Here are some of the unsophisticated differences.
- New York Fed Consumer Credit Panel is a panel of credit report data where we follow 5% of nationally representative individuals since 1999, and is not a survey. We are not subject to any low response rate issue of the respondents.
- We identify first-time homebuyers when a mortgage account appears for the first time on the individual’s credit reports. If a home purchase was made without a mortgage (such as a cash purchase) then we don’t see them, and not included in calculating the statistics.”
My takeaway? I’m going to take this particular first-time homebuyer data—especially the NAR series—with a grain of salt going forward. Instead, I’ll lean more on generational homeownership rates by age.
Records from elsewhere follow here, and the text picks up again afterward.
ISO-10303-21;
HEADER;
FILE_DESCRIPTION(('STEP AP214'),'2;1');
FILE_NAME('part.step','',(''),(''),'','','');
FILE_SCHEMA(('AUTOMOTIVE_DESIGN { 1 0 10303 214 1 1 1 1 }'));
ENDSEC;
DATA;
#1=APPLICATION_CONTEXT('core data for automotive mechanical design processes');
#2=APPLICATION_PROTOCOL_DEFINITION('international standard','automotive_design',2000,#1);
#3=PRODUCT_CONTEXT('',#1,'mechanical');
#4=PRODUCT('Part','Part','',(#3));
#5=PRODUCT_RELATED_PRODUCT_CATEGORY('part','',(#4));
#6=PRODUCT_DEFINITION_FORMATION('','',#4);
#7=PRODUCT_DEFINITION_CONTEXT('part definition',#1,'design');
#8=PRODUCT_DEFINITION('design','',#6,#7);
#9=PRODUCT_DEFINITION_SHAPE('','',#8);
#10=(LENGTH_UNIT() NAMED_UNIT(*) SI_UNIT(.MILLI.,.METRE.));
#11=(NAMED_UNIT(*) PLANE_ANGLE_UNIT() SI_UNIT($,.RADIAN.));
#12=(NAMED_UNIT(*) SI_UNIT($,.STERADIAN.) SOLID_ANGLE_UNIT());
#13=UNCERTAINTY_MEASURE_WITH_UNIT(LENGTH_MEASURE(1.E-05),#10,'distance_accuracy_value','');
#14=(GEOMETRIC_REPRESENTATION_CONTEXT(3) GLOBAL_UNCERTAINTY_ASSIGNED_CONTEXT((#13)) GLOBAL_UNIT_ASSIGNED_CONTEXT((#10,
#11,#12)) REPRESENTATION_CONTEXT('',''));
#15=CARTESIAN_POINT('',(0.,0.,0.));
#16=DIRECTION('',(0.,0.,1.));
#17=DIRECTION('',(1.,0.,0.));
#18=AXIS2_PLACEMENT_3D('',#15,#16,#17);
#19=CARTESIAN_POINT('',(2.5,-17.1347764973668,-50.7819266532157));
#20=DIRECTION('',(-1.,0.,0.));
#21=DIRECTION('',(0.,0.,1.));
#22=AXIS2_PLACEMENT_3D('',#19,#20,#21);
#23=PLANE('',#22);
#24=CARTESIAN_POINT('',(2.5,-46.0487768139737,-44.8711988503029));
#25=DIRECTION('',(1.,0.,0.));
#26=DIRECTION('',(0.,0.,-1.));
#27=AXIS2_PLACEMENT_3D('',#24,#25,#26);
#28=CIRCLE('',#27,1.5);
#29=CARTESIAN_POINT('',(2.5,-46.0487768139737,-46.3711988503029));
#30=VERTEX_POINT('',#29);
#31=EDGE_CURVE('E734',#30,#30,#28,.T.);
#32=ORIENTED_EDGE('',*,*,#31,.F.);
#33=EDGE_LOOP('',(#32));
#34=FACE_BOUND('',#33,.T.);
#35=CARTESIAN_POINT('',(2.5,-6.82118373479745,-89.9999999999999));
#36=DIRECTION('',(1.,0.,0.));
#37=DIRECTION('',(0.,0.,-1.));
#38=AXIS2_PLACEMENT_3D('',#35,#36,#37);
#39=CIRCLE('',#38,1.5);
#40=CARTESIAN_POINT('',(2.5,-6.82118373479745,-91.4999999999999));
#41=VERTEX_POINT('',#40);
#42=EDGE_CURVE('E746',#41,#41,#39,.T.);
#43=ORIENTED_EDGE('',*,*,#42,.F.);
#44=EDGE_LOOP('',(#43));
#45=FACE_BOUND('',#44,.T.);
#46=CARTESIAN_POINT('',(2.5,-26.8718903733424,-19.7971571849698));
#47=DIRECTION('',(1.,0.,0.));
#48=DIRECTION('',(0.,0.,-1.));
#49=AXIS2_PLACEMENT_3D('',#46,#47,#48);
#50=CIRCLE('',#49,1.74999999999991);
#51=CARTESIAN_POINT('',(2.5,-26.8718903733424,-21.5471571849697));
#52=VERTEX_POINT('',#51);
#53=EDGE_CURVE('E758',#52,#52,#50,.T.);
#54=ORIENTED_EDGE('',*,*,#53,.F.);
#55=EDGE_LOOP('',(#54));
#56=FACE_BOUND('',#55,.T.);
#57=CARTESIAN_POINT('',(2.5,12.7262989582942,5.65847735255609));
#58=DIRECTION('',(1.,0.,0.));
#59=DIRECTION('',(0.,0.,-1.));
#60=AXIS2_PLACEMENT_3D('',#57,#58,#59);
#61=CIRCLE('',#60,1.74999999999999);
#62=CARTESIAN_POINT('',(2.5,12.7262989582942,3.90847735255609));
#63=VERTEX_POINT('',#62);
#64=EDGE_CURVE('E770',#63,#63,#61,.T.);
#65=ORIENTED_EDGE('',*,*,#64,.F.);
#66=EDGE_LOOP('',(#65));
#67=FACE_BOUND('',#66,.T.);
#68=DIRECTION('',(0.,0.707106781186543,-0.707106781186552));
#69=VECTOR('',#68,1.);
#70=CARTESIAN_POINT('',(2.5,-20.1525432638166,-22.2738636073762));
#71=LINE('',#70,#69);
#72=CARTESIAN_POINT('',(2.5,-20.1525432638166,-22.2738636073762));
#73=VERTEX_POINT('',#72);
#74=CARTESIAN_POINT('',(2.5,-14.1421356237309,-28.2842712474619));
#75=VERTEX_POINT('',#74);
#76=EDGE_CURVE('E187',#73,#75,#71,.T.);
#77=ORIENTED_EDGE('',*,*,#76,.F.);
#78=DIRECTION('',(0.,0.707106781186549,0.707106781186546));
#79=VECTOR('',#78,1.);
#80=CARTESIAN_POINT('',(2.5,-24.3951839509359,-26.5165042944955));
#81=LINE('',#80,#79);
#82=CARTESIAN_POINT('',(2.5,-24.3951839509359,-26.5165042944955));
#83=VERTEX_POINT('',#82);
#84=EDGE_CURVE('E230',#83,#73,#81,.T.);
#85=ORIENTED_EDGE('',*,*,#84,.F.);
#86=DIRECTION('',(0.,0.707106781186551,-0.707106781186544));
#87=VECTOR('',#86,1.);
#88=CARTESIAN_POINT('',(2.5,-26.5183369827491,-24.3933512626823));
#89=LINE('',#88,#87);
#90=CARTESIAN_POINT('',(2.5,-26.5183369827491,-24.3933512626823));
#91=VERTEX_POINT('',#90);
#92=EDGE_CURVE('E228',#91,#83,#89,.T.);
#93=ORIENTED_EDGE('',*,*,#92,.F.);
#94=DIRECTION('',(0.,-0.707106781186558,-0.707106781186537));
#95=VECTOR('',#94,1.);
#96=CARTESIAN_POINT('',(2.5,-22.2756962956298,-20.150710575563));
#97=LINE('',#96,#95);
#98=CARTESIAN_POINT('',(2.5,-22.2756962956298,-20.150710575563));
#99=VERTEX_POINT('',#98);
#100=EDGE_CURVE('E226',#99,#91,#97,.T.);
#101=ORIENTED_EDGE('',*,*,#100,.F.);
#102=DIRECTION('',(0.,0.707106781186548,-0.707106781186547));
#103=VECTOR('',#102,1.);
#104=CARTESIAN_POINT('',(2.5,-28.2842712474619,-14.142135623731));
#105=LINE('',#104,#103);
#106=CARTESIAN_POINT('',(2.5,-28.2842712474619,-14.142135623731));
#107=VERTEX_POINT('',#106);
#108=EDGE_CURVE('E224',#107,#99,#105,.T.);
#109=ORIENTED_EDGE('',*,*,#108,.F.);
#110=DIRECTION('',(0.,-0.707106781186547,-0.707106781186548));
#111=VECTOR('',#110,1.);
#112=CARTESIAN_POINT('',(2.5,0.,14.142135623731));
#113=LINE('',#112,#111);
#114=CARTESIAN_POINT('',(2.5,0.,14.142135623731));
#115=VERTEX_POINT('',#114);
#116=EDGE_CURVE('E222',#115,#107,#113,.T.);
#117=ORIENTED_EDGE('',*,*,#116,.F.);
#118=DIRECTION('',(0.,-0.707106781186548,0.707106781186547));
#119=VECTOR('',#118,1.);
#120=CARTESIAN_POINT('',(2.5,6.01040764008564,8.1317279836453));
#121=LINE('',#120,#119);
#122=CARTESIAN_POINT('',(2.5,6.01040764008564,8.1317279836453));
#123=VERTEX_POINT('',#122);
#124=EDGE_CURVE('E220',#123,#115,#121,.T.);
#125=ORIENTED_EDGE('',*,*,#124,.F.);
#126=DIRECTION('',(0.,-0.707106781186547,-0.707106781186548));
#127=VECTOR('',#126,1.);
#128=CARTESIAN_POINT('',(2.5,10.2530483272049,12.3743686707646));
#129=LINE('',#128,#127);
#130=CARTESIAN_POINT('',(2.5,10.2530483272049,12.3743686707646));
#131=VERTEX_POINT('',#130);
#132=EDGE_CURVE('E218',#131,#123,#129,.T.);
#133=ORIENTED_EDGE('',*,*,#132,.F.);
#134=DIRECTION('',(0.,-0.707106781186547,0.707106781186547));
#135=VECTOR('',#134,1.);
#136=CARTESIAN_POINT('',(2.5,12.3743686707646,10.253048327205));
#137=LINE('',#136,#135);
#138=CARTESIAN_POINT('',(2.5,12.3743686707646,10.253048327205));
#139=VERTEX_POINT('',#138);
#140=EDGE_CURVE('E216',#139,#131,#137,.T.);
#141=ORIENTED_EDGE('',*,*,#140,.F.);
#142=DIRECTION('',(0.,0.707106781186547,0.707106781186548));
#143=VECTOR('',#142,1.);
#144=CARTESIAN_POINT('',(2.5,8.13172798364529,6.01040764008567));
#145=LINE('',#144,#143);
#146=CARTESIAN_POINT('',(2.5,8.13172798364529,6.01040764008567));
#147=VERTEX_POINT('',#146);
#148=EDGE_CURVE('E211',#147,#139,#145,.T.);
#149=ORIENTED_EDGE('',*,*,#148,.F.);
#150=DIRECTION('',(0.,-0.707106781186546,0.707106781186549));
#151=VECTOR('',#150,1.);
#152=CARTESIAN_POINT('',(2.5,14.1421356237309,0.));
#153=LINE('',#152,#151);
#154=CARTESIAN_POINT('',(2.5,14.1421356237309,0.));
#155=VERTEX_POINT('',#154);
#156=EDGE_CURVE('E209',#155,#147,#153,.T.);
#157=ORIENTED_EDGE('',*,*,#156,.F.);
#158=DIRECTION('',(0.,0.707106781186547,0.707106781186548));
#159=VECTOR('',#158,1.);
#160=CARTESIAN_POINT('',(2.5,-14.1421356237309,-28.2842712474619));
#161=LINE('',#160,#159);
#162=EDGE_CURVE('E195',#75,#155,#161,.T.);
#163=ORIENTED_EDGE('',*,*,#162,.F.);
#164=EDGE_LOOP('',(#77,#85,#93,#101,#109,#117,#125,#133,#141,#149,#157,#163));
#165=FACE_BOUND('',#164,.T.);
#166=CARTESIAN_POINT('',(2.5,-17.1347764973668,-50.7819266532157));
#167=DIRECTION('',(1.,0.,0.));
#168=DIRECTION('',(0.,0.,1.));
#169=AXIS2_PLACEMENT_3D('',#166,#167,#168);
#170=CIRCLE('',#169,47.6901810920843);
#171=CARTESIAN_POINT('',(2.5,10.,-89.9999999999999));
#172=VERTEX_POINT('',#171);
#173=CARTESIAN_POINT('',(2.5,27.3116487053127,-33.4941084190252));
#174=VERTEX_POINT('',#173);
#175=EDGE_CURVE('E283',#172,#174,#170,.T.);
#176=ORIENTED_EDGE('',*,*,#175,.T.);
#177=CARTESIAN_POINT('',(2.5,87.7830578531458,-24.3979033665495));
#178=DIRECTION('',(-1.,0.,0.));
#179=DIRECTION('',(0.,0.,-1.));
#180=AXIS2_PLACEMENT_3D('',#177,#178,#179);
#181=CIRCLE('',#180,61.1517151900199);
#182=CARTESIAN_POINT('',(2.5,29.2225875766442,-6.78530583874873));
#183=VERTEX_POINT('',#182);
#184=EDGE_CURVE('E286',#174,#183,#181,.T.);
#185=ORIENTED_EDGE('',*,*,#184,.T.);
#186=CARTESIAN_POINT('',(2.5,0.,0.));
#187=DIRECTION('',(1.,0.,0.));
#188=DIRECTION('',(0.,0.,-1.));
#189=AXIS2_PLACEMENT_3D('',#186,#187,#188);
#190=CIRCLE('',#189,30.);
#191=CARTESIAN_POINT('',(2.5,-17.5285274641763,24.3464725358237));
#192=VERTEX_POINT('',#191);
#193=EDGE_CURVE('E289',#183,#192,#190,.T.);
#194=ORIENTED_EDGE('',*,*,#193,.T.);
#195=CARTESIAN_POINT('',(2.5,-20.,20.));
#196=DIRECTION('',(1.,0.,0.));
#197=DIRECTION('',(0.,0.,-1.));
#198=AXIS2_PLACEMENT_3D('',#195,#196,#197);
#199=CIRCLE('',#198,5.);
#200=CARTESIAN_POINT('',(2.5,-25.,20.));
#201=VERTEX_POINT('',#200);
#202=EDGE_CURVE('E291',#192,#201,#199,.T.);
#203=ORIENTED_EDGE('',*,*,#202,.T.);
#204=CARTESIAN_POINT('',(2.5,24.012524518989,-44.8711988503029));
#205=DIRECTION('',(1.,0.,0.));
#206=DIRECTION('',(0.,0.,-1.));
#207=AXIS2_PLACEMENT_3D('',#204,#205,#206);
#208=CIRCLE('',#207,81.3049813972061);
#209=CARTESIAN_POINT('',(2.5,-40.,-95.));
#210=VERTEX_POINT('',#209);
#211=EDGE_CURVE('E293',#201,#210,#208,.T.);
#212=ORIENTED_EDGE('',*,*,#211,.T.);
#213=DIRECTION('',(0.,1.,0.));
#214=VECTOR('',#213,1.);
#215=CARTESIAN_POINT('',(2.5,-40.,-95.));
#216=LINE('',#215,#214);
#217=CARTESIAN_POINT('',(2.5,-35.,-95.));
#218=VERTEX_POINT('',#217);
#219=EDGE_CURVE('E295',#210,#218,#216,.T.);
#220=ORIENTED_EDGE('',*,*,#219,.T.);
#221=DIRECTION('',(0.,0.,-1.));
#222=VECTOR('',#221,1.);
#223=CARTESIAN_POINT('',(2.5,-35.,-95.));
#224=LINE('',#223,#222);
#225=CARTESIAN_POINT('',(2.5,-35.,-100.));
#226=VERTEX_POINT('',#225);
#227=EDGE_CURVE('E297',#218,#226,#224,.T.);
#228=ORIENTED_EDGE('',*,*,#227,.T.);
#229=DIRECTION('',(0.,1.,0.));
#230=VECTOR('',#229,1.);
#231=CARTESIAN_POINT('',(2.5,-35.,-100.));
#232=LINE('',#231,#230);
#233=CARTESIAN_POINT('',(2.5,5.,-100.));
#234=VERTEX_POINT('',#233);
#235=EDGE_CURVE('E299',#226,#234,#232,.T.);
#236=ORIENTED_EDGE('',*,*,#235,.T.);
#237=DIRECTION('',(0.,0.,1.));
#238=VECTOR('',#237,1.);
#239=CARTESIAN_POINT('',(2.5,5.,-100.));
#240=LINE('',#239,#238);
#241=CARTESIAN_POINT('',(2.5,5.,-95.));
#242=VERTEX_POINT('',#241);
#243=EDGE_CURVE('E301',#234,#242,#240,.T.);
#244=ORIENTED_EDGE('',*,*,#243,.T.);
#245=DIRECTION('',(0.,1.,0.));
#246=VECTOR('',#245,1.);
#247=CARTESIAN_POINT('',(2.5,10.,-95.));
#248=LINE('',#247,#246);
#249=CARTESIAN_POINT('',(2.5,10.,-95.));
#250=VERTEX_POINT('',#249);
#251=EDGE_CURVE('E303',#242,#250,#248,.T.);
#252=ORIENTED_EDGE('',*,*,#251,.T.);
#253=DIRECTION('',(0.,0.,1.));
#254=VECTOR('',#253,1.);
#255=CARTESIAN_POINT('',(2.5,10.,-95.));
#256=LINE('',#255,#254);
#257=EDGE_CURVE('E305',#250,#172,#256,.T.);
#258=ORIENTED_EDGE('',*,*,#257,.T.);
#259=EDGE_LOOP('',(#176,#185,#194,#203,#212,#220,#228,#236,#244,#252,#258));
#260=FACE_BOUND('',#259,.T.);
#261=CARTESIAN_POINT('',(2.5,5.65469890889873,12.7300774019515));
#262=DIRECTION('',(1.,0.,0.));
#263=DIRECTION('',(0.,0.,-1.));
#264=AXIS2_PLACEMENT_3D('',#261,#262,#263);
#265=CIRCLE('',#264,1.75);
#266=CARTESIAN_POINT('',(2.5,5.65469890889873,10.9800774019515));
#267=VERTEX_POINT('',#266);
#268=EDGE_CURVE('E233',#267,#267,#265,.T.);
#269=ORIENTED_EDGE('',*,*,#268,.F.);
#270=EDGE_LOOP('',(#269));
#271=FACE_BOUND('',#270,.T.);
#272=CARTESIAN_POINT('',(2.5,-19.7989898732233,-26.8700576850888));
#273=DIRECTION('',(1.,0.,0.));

And when you look at those figures, they clearly confirm that younger generations are entering homeownership more slowly than their older peers.
ResiClub also messaged Apartment List to get its latest calculation. See below:

Apartment List’s analysis shows that with each successive generation, homeownership rates take longer to ramp up. This pattern isn’t unique to Gen Z—baby boomers were slower to reach key homeownership milestones than the Silent Generation, Gen X was slower than the boomers, millennials were slower than Gen X, and Gen Z is slower still.
The fact that each generation takes a little longer to enter homeownership—during both periods of “good” and “poor” housing affordability—suggests an underlying secular shift that isn’t just driven by affordability. In my view, that secular shift largely comes down to lifestyle/cultural shifts.
With each new generation, Americans are spending more years in school, marrying later, having children later (and having fewer kids), and ultimately buying homes later. I call this phenomenon “lifestyle delays.”

Given how homeownership rates are calculated (the number of owner-occupied housing units divided by the total number of occupied housing units), it’s likely that the gradual slowdown in homeownership by generation is actually understating the true drop-off.
In plain English, what do I mean? If someone in their twenties or thirties is still living with their parents, they technically aren’t counted as their own household and therefore aren’t included in the denominator. And when you look closely at the generational data (see the Apartment List analysis above), you’ll note that with each generation, Americans are taking longer to move out of their parents’ homes.
If you adjust for this, the “real” homeownership rates by generation—something John Burns Research and Consulting has analyzed—you find that the generational homeownership drop-off is indeed larger than the headline data suggests.